__Assignment__
From the entries that follow, reproduce exactly and only the lines from the line with "Line((-24.9053858, 10.0261928), (-24.8651522, 9.9943158))" to the line with "Line((-24.1822732, 9.9898962), (-24.1413792, 10.0230686))", endpoints included.

__Data for the task__
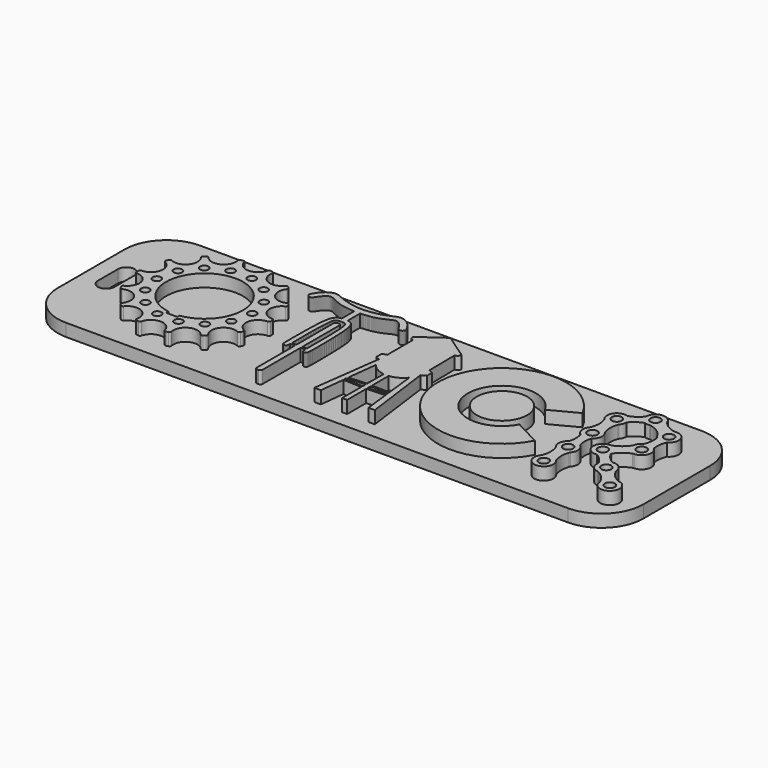
from build123d import *

# Parameters (mm, degrees)
F0_R     = 0.7946644
F1_DEPTH = 2.38125
F0_R_2   = 4.775327
F0_R_3   = 0.9406128
F2_W     = 111.125
F2_H     = 31.75
F3_DEPTH = 2.38125
F4_R     = 7.9375


# Not quite as in the source:
# - ends of sketch curves that miss each other by under 0.0002 mm in the source are joined


with BuildPart() as f1:
    # F0 (on Top) → F1 (new body)
    with BuildSketch(Plane.XY):
        with BuildLine():
            ThreePointArc((-33.590121634, 12.3507484588), (-33.6294176049, 12.5881754555), (-33.8237599562, 12.7301148883))
            ThreePointArc((-33.8237599562, 12.7301148883), (-34.0524121873, 12.7845207856), (-34.2820284084, 12.8347024108))
            ThreePointArc((-34.2820284084, 12.8347024108), (-34.5186909947, 12.7911373675), (-34.6571006347, 12.5942839271))
            ThreePointArc((-34.6571006347, 12.5942839271), (-36.8834641683, 10.8196634), (-39.1098143955, 12.5942824563))
            ThreePointArc((-39.1098143955, 12.5942824563), (-39.2482176053, 12.7911373675), (-39.4848817783, 12.8347100044))
            ThreePointArc((-39.4848817783, 12.8347100044), (-39.7145096927, 12.7845235519), (-39.9431718443, 12.7301060129))
            ThreePointArc((-39.9431718443, 12.7301060129), (-40.1374959801, 12.588167361), (-40.1767882188, 12.3507539588))
            ThreePointArc((-40.1767882188, 12.3507539588), (-41.4126795487, 9.7859172011), (-44.1885186964, 10.4188115386))
            ThreePointArc((-44.1885186964, 10.4188115386), (-44.3986514992, 10.5361025158), (-44.6307849214, 10.4726580069))
            ThreePointArc((-44.6307849214, 10.4726580069), (-44.8158899503, 10.3278331325), (-44.9982810167, 10.1796047146))
            ThreePointArc((-44.9982810167, 10.1796047146), (-45.1117808241, 9.9673948786), (-45.0441752505, 9.7364351367))
            ThreePointArc((-45.0441752505, 9.7364351367), (-45.0448396583, 6.8893584849), (-47.8203948412, 6.2551970986))
            ThreePointArc((-47.8203948412, 6.2551970986), (-48.0606127411, 6.2697127824), (-48.242238874, 6.1118337222))
            ThreePointArc((-48.242238874, 6.1118337222), (-48.3461595976, 5.9010204757), (-48.4461774197, 5.6883278976))
            ThreePointArc((-48.4461774197, 5.6883278976), (-48.4563582226, 5.4478968636), (-48.2952461097, 5.2691472525))
            ThreePointArc((-48.2952461097, 5.2691472525), (-47.0605440786, 2.7037326004), (-49.2860584001, 0.9280908492))
            ThreePointArc((-49.2860584001, 0.9280908492), (-49.5087779976, 0.8369447193), (-49.6039106856, 0.6158986702))
            ThreePointArc((-49.6039106856, 0.6158986702), (-49.6060984, 0.380873), (-49.6039273899, 0.1458470219))
            ThreePointArc((-49.6039273899, 0.1458470219), (-49.5087779976, -0.0751987193), (-49.2860584, -0.1663445635))
            ThreePointArc((-49.2860584, -0.1663445635), (-47.0605440786, -1.9419866004), (-48.2952490252, -4.507395207))
            ThreePointArc((-48.2952490252, -4.507395207), (-48.4563582226, -4.6861508636), (-48.4461664662, -4.9265768698))
            ThreePointArc((-48.4461664662, -4.9265768698), (-48.3461595976, -5.1392744757), (-48.2422297671, -5.3500831279))
            ThreePointArc((-48.2422297671, -5.3500831279), (-48.0606127411, -5.5079667824), (-47.8203983996, -5.4934437005))
            ThreePointArc((-47.8203983996, -5.4934437005), (-45.0448396583, -6.1276124849), (-45.0441705492, -8.9746928823))
            ThreePointArc((-45.0441705492, -8.9746928823), (-45.1117808241, -9.2056488786), (-44.9982729443, -9.4178489662))
            ThreePointArc((-44.9982729443, -9.4178489662), (-44.8158899503, -9.5660871325), (-44.6307918654, -9.7109210511))
            ThreePointArc((-44.6307918654, -9.7109210511), (-44.3986514992, -9.7743565158), (-44.1885265788, -9.6570592469))
            ThreePointArc((-44.1885265788, -9.6570592469), (-41.4126773347, -9.0241468673), (-40.1767873331, -11.5890081606))
            ThreePointArc((-40.1767873331, -11.5890081606), (-40.1374959801, -11.826421361), (-39.9431725738, -11.9683629594))
            ThreePointArc((-39.9431725738, -11.9683629594), (-39.7145096927, -12.0227775519), (-39.4848812536, -12.0729614947))
            ThreePointArc((-39.4848812536, -12.0729614947), (-39.2482176053, -12.0293913675), (-39.1098079653, -11.8325379271))
            ThreePointArc((-39.1098079653, -11.8325379271), (-36.8834641683, -10.0579174), (-34.6571183418, -11.8325419771))
            ThreePointArc((-34.6571183418, -11.8325419771), (-34.5186909947, -12.0293913675), (-34.2820268217, -12.0729640044))
            ThreePointArc((-34.2820268217, -12.0729640044), (-34.0524121873, -12.0227747856), (-33.8237621557, -11.9683600129))
            ThreePointArc((-33.8237621557, -11.9683600129), (-33.6294176049, -11.8264294555), (-33.590121634, -11.5890024588))
            ThreePointArc((-33.590121634, -11.5890024588), (-32.3542358625, -9.0241490812), (-29.5783874048, -9.657043269))
            ThreePointArc((-29.5783874048, -9.657043269), (-29.3682749652, -9.77435434), (-29.1361396594, -9.7109242752))
            ThreePointArc((-29.1361396594, -9.7109242752), (-28.9510364024, -9.566081034), (-28.7686379166, -9.4178462371))
            ThreePointArc((-28.7686379166, -9.4178462371), (-28.6551277759, -9.2056488786), (-28.7227333495, -8.9746891367))
            ThreePointArc((-28.7227333495, -8.9746891367), (-28.7220760775, -6.1276214327), (-25.9465343862, -5.4934411767))
            ThreePointArc((-25.9465343862, -5.4934411767), (-25.7063158426, -5.5079649417), (-25.5246899728, -5.3500775075))
            ThreePointArc((-25.5246899728, -5.3500775075), (-25.4207696215, -5.1392645481), (-25.32075216, -4.9265722676))
            ThreePointArc((-25.32075216, -4.9265722676), (-25.3105542527, -4.6861401007), (-25.4716830986, -4.5073913165))
            ThreePointArc((-25.4716830986, -4.5073913165), (-26.7063870953, -1.9419742188), (-24.4808501999, -0.1663448374))
            ThreePointArc((-24.4808501999, -0.1663448374), (-24.2581307695, -0.0751988834), (-24.162997923, 0.1458468613))
            ThreePointArc((-24.162997923, 0.1458468613), (-24.1608356, 0.380873), (-24.1630066101, 0.6158989781))
            ThreePointArc((-24.1630066101, 0.6158989781), (-24.2581307695, 0.8369448834), (-24.4808502, 0.9280905635))
            ThreePointArc((-24.4808502, 0.9280905635), (-26.7063870953, 2.7037202188), (-25.4716849748, 5.269141207))
            ThreePointArc((-25.4716849748, 5.269141207), (-25.3105542527, 5.4478861007), (-25.3207421338, 5.6883228698))
            ThreePointArc((-25.3207421338, 5.6883228698), (-25.4207696215, 5.9010105481), (-25.524699079, 6.1118189129))
            ThreePointArc((-25.524699079, 6.1118189129), (-25.7063158426, 6.2697109417), (-25.9465356004, 6.2551897005))
            ThreePointArc((-25.9465356004, 6.2551897005), (-28.7220760775, 6.8893674327), (-28.7227380508, 9.7364388823))
            ThreePointArc((-28.7227380508, 9.7364388823), (-28.6551277759, 9.9673948786), (-28.7686356557, 10.1795949662))
            ThreePointArc((-28.7686356557, 10.1795949662), (-28.9510364024, 10.327827034), (-29.1361421346, 10.4726670511))
            ThreePointArc((-29.1361421346, 10.4726670511), (-29.3682749652, 10.53610034), (-29.5783919067, 10.4187928628))
            ThreePointArc((-29.5783919067, 10.4187928628), (-32.3542336486, 9.785919415), (-33.590121634, 12.3507484588))
        make_face()
        with Locations((-38.8217918, -8.4056474)):
            Circle(F0_R, mode=Mode.SUBTRACT)
        with Locations((-42.4421554, -6.6945002)):
            Circle(F0_R, mode=Mode.SUBTRACT)
        with Locations((-34.8175072, -8.3765136)):
            Circle(F0_R, mode=Mode.SUBTRACT)
        with Locations((-31.2224166, -6.61289)):
            Circle(F0_R, mode=Mode.SUBTRACT)
        with Locations((-44.961556, -3.5819842)):
            Circle(F0_R, mode=Mode.SUBTRACT)
        with Locations((-28.7485582, -3.464052)):
            Circle(F0_R, mode=Mode.SUBTRACT)
        with Locations((-45.8809852, 0.3154172)):
            Circle(F0_R, mode=Mode.SUBTRACT)
        with BuildLine():
            ThreePointArc((-37.9286029944, -6.8447817713), (-36.883467, 7.681722), (-35.8383310056, -6.8447817713))
            Line((-35.8383310056, -6.8447817713), (-35.8383332, -7.3637648))
            Line((-35.8383332, -7.3637648), (-37.9286008, -7.3637648))
            Line((-37.9286008, -7.3637648), (-37.9286029944, -6.8447817713))
        make_face(mode=Mode.SUBTRACT)
        with Locations((-27.8859234, 0.4463288)):
            Circle(F0_R, mode=Mode.SUBTRACT)
        with Locations((-45.0183504, 4.225798)):
            Circle(F0_R, mode=Mode.SUBTRACT)
        with Locations((-28.8053526, 4.3437302)):
            Circle(F0_R, mode=Mode.SUBTRACT)
        with Locations((-42.544492, 7.374636)):
            Circle(F0_R, mode=Mode.SUBTRACT)
        with Locations((-38.9494014, 9.1382596)):
            Circle(F0_R, mode=Mode.SUBTRACT)
        with Locations((-31.3247532, 7.4562462)):
            Circle(F0_R, mode=Mode.SUBTRACT)
        with Locations((-34.9451168, 9.1673934)):
            Circle(F0_R, mode=Mode.SUBTRACT)
    extrude(amount=F1_DEPTH)



with BuildPart() as f1b:
    # F0 (on Top) → F1, piece 2 (new body)
    with BuildSketch(Plane.XY):
        with Locations((19.5524374, 0.380873)):
            Circle(F0_R_2)
    extrude(amount=F1_DEPTH)


with BuildPart() as f1c:
    # F0 (on Top) → F1, piece 3 (new body)
    with BuildSketch(Plane.XY):
        with BuildLine():
            ThreePointArc((25.2826844358, -2.633348701), (13.0777742, 0.380873), (25.2826844358, 3.395094701))
            Line((25.2826844358, 3.395094701), (30.3119282, 6.0406026))
            ThreePointArc((30.3119282, 6.0406026), (7.3951592, 0.380873), (30.3119366377, -5.2788610384))
            Line((30.3119366377, -5.2788610384), (25.2826844358, -2.633348701))
        make_face()
    extrude(amount=F1_DEPTH)


with BuildPart() as f1d:
    # F0 (on Top) → F1, piece 4 (new body)
    with BuildSketch(Plane.XY):
        with BuildLine():
            Line((4.4645834, -12.4356114), (5.679186, -12.4356114))
            Line((5.679186, -12.4356114), (3.958463, 0.54991))
            ThreePointArc((3.958463, 0.54991), (4.4173192561, 0.7397615753), (4.8236809314, 1.0251781026))
            Line((4.8236809314, 1.0251781026), (4.8493426, 2.198497))
            ThreePointArc((4.8493426, 2.198497), (4.4533409594, 2.4265248649), (4.0170864794, 2.5625312363))
            Line((4.0170864794, 2.5625312363), (3.941191, 8.6607142))
            ThreePointArc((3.941191, 8.6607142), (4.4449083132, 8.8954168394), (4.7161825983, 9.380420758))
            Line((4.7161825983, 9.380420758), (-0.0563372, 12.6585726))
            Line((-0.0563372, 12.6585726), (-4.574159, 9.4512384))
            ThreePointArc((-4.574159, 9.4512384), (-4.4374640474, 8.9238193385), (-3.9651421172, 8.6522138729))
            Line((-3.9651421172, 8.6522138729), (-3.959479, 2.5776174))
            ThreePointArc((-3.959479, 2.5776174), (-4.4068158157, 2.4445470258), (-4.8173908735, 2.2226291598))
            Line((-4.8173908735, 2.2226291598), (-4.7921164, 1.0034524))
            ThreePointArc((-4.7921164, 1.0034524), (-4.4323052844, 0.8270572106), (-4.0505879444, 0.7051075587))
            Line((-4.0505879444, 0.7051075587), (-5.7918858, -12.4356114))
            Line((-5.7918858, -12.4356114), (-4.5598334, -12.4356114))
            Line((-4.5598334, -12.4356114), (-4.0266874, -7.7761592))
            Line((-4.0266874, -7.7761592), (-0.5179314, -7.8915768))
            Line((-0.5179314, -7.8915768), (-0.5179314, -12.4356114))
            Line((-0.5179314, -12.4356114), (0.4226814, -12.4356114))
            Line((0.4226814, -12.4356114), (0.4226814, -7.9140812))
            Line((0.4226814, -7.9140812), (3.9224204, -7.6973938))
            Line((3.9224204, -7.6973938), (4.4645834, -12.4356114))
        make_face()
        Polygon((-0.5179314, -6.8287392), (-0.5179314, -7.5406758), (-4.0517318, -7.4238612), (-3.9769542, -7.088886), align=None, mode=Mode.SUBTRACT)
        with BuildLine():
            Line((-0.5179314, -6.4943736), (-3.9253668, -6.7382136))
            Line((-3.9253668, -6.7382136), (-3.2671258, -0.985393))
            ThreePointArc((-3.2671258, -0.985393), (-2.0560803671, -2.0688932492), (-0.5179318251, -2.5930131115))
            Line((-0.5179318251, -2.5930131115), (-0.5179314, -6.4943736))
        make_face(mode=Mode.SUBTRACT)
        Polygon((3.7990018, -7.0056756), (3.8354254, -7.323963), (0.4226814, -7.5932538), (0.4226814, -6.895592), align=None, mode=Mode.SUBTRACT)
        with BuildLine():
            Line((3.1691326, -1.1139932), (3.8027356, -6.6512186))
            Line((3.8027356, -6.6512186), (0.4226814, -6.5249552))
            Line((0.4226814, -6.5249552), (0.4226814, -2.6042874))
            ThreePointArc((0.4226814, -2.6042874), (1.9444372298, -2.1328635042), (3.1691326, -1.1139932))
        make_face(mode=Mode.SUBTRACT)
    extrude(amount=F1_DEPTH)


with BuildPart() as f1e:
    # F0 (on Top) → F1, piece 5 (new body)
    with BuildSketch(Plane.XY):
        with BuildLine():
            Line((-15.9458914, 11.6212112), (-15.9545528, 11.6212112))
            Line((-15.9545528, 11.6212112), (-16.547592, 11.655298))
            Line((-16.547592, 11.655298), (-17.088739, 11.705336))
            Line((-17.088739, 11.705336), (-17.581626, 11.768836))
            Line((-17.581626, 11.768836), (-18.0299106, 11.8433596))
            Line((-18.0299106, 11.8433596), (-18.437225, 11.9264938))
            Line((-18.437225, 11.9264938), (-18.8072268, 12.0157748))
            Line((-18.8072268, 12.0157748), (-19.1435482, 12.1087896))
            Line((-19.1435482, 12.1087896), (-19.4498214, 12.203049))
            Line((-19.4498214, 12.203049), (-19.7293738, 12.2964194))
            Line((-19.7293738, 12.2964194), (-19.9841612, 12.3877832))
            Line((-19.9841612, 12.3877832), (-20.215733, 12.4762514))
            Line((-20.215733, 12.4762514), (-20.4257656, 12.5610112))
            Line((-20.4257656, 12.5610112), (-20.6158338, 12.641199))
            Line((-20.6158338, 12.641199), (-20.7875378, 12.7159258))
            Line((-20.7875378, 12.7159258), (-20.9425286, 12.7843788))
            Line((-20.9425286, 12.7843788), (-21.082381, 12.8456944))
            Line((-21.082381, 12.8456944), (-21.2086952, 12.8992376))
            Line((-21.2086952, 12.8992376), (-21.3230968, 12.9454148))
            Line((-21.3230968, 12.9454148), (-21.4272114, 12.9848102))
            Line((-21.4272114, 12.9848102), (-21.5226392, 13.0180334))
            Line((-21.5226392, 13.0180334), (-21.6109804, 13.0457194))
            Line((-21.6109804, 13.0457194), (-21.6938606, 13.0684524))
            Line((-21.6938606, 13.0684524), (-21.77288, 13.0868674))
            Line((-21.77288, 13.0868674), (-21.8496388, 13.1015232))
            Line((-21.8496388, 13.1015232), (-21.925534, 13.1129786))
            Line((-21.925534, 13.1129786), (-22.001099, 13.1212844))
            Line((-22.001099, 13.1212844), (-22.0765878, 13.126339))
            Line((-22.0765878, 13.126339), (-22.1522798, 13.1281424))
            Line((-22.1522798, 13.1281424), (-22.2284544, 13.1266184))
            Line((-22.2284544, 13.1266184), (-22.3054418, 13.1216908))
            Line((-22.3054418, 13.1216908), (-22.3834706, 13.1133596))
            Line((-22.3834706, 13.1133596), (-22.4628456, 13.1015232))
            Line((-22.4628456, 13.1015232), (-22.54377, 13.0861562))
            Line((-22.54377, 13.0861562), (-22.6261168, 13.067157))
            Line((-22.6261168, 13.067157), (-22.7096828, 13.044424))
            Line((-22.7096828, 13.044424), (-22.7942648, 13.0178556))
            Line((-22.7942648, 13.0178556), (-22.8796596, 12.9873502))
            Line((-22.8796596, 12.9873502), (-22.9656894, 12.9528316))
            Line((-22.9656894, 12.9528316), (-23.0521002, 12.9141982))
            Line((-23.0521002, 12.9141982), (-23.1387142, 12.8713484))
            Line((-23.1387142, 12.8713484), (-23.2253536, 12.8242314))
            Line((-23.2253536, 12.8242314), (-23.3117898, 12.7730504))
            Line((-23.3117898, 12.7730504), (-23.3978196, 12.7180594))
            Line((-23.3978196, 12.7180594), (-23.4832906, 12.6595124))
            Line((-23.4832906, 12.6595124), (-23.5679996, 12.5976634))
            Line((-23.5679996, 12.5976634), (-23.6517688, 12.5327664))
            Line((-23.6517688, 12.5327664), (-23.7343696, 12.4650754))
            Line((-23.7343696, 12.4650754), (-23.8156242, 12.3948444))
            Line((-23.8156242, 12.3948444), (-23.895431, 12.322175))
            Line((-23.895431, 12.322175), (-23.9741456, 12.246483))
            Line((-23.9741456, 12.246483), (-24.0521744, 12.1670572))
            Line((-24.0521744, 12.1670572), (-24.1298984, 12.0832372))
            Line((-24.1298984, 12.0832372), (-24.2077494, 11.994261))
            Line((-24.2077494, 11.994261), (-24.2861846, 11.8994174))
            Line((-24.2861846, 11.8994174), (-24.3655596, 11.7980206))
            Line((-24.3655596, 11.7980206), (-24.446357, 11.689334))
            Line((-24.446357, 11.689334), (-24.5286022, 11.5731798))
            Line((-24.5286022, 11.5731798), (-24.610949, 11.4514884))
            Line((-24.610949, 11.4514884), (-24.6917718, 11.3267236))
            Line((-24.6917718, 11.3267236), (-24.7693688, 11.2014))
            Line((-24.7693688, 11.2014), (-24.842089, 11.0779052))
            Line((-24.842089, 11.0779052), (-24.9082052, 10.9587792))
            Line((-24.9082052, 10.9587792), (-24.9660664, 10.846435))
            Line((-24.9660664, 10.846435), (-25.0140216, 10.7433872))
            Line((-25.0140216, 10.7433872), (-25.0508008, 10.6514138))
            Line((-25.0508008, 10.6514138), (-25.0768866, 10.5699052))
            Line((-25.0768866, 10.5699052), (-25.093168, 10.4975406))
            Line((-25.093168, 10.4975406), (-25.1005848, 10.4329992))
            Line((-25.1005848, 10.4329992), (-25.100026, 10.3750364))
            Line((-25.100026, 10.3750364), (-25.092406, 10.3222806))
            Line((-25.092406, 10.3222806), (-25.0786138, 10.2735126))
            Line((-25.0786138, 10.2735126), (-25.0595892, 10.2273608))
            Line((-25.0595892, 10.2273608), (-25.0361196, 10.18286))
            Line((-25.0361196, 10.18286), (-25.0086368, 10.1401118))
            Line((-25.0086368, 10.1401118), (-24.977471, 10.0994718))
            Line((-24.977471, 10.0994718), (-24.942927, 10.0613718))
            Line((-24.942927, 10.0613718), (-24.9053858, 10.0261928))
            Line((-24.9053858, 10.0261928), (-24.8651522, 9.9943158))
            Line((-24.8651522, 9.9943158), (-24.822531, 9.9661218))
            Line((-24.822531, 9.9661218), (-24.7778778, 9.9420426))
            Line((-24.7778778, 9.9420426), (-24.7315482, 9.9223576))
            Line((-24.7315482, 9.9223576), (-24.6839232, 9.9069652))
            Line((-24.6839232, 9.9069652), (-24.6354346, 9.8957638))
            Line((-24.6354346, 9.8957638), (-24.5865396, 9.8885502))
            Line((-24.5865396, 9.8885502), (-24.5376446, 9.885172))
            Line((-24.5376446, 9.885172), (-24.489156, 9.8854768))
            Line((-24.489156, 9.8854768), (-24.441531, 9.8893122))
            Line((-24.441531, 9.8893122), (-24.3952014, 9.8965258))
            Line((-24.3952014, 9.8965258), (-24.3504466, 9.907016))
            Line((-24.3504466, 9.907016), (-24.3070888, 9.9211638))
            Line((-24.3070888, 9.9211638), (-24.2647978, 9.9393756))
            Line((-24.2647978, 9.9393756), (-24.2233196, 9.9621594))
            Line((-24.2233196, 9.9621594), (-24.1822732, 9.9898962))
            Line((-24.1822732, 9.9898962), (-24.1413792, 10.0230686))
            Line((-24.1413792, 10.0230686), (-24.1003328, 10.0621084))
            Line((-24.1003328, 10.0621084), (-24.0588292, 10.1074728))
            Line((-24.0588292, 10.1074728), (-24.0165128, 10.1594412))
            Line((-24.0165128, 10.1594412), (-23.9730026, 10.2177088))
            Line((-23.9730026, 10.2177088), (-23.927943, 10.2818184))
            Line((-23.927943, 10.2818184), (-23.8808768, 10.3513382))
            Line((-23.8808768, 10.3513382), (-23.831423, 10.425811))
            Line((-23.831423, 10.425811), (-23.7791752, 10.5047542))
            Line((-23.7791752, 10.5047542), (-23.7237524, 10.587736))
            Line((-23.7237524, 10.587736), (-23.6647482, 10.6743246))
            Line((-23.6647482, 10.6743246), (-23.6019086, 10.7639104))
            Line((-23.6019086, 10.7639104), (-23.5355638, 10.8555536))
            Line((-23.5355638, 10.8555536), (-23.466171, 10.9481366))
            Line((-23.466171, 10.9481366), (-23.3942382, 11.0405418))
            Line((-23.3942382, 11.0405418), (-23.3202734, 11.1317278))
            Line((-23.3202734, 11.1317278), (-23.244683, 11.220577))
            Line((-23.244683, 11.220577), (-23.1680258, 11.3059718))
            Line((-23.1680258, 11.3059718), (-23.0907082, 11.3868708))
            Line((-23.0907082, 11.3868708), (-23.0132636, 11.4622834))
            Line((-23.0132636, 11.4622834), (-22.936073, 11.531981))
            Line((-22.936073, 11.531981), (-22.859492, 11.5957858))
            Line((-22.859492, 11.5957858), (-22.7839524, 11.6535962))
            Line((-22.7839524, 11.6535962), (-22.7098606, 11.7052852))
            Line((-22.7098606, 11.7052852), (-22.6375722, 11.7507512))
            Line((-22.6375722, 11.7507512), (-22.5674682, 11.7898418))
            Line((-22.5674682, 11.7898418), (-22.4999804, 11.82243))
            Line((-22.4999804, 11.82243), (-22.4353374, 11.8485158))
            Line((-22.4353374, 11.8485158), (-22.3732598, 11.8685056))
            Line((-22.3732598, 11.8685056), (-22.3132904, 11.882882))
            Line((-22.3132904, 11.882882), (-22.2550228, 11.892153))
            Line((-22.2550228, 11.892153), (-22.1979744, 11.896852))
            Line((-22.1979744, 11.896852), (-22.1417388, 11.8974616))
            Line((-22.1417388, 11.8974616), (-22.0858842, 11.8944898))
            Line((-22.0858842, 11.8944898), (-22.0299788, 11.8884446))
            Line((-22.0299788, 11.8884446), (-21.9734384, 11.879707))
            Line((-21.9734384, 11.879707), (-21.915247, 11.8679214))
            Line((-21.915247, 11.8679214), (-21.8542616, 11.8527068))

__Answer to this task__
            Line((-24.9053858, 10.0261928), (-24.8651522, 9.9943158))
            Line((-24.8651522, 9.9943158), (-24.822531, 9.9661218))
            Line((-24.822531, 9.9661218), (-24.7778778, 9.9420426))
            Line((-24.7778778, 9.9420426), (-24.7315482, 9.9223576))
            Line((-24.7315482, 9.9223576), (-24.6839232, 9.9069652))
            Line((-24.6839232, 9.9069652), (-24.6354346, 9.8957638))
            Line((-24.6354346, 9.8957638), (-24.5865396, 9.8885502))
            Line((-24.5865396, 9.8885502), (-24.5376446, 9.885172))
            Line((-24.5376446, 9.885172), (-24.489156, 9.8854768))
            Line((-24.489156, 9.8854768), (-24.441531, 9.8893122))
            Line((-24.441531, 9.8893122), (-24.3952014, 9.8965258))
            Line((-24.3952014, 9.8965258), (-24.3504466, 9.907016))
            Line((-24.3504466, 9.907016), (-24.3070888, 9.9211638))
            Line((-24.3070888, 9.9211638), (-24.2647978, 9.9393756))
            Line((-24.2647978, 9.9393756), (-24.2233196, 9.9621594))
            Line((-24.2233196, 9.9621594), (-24.1822732, 9.9898962))
            Line((-24.1822732, 9.9898962), (-24.1413792, 10.0230686))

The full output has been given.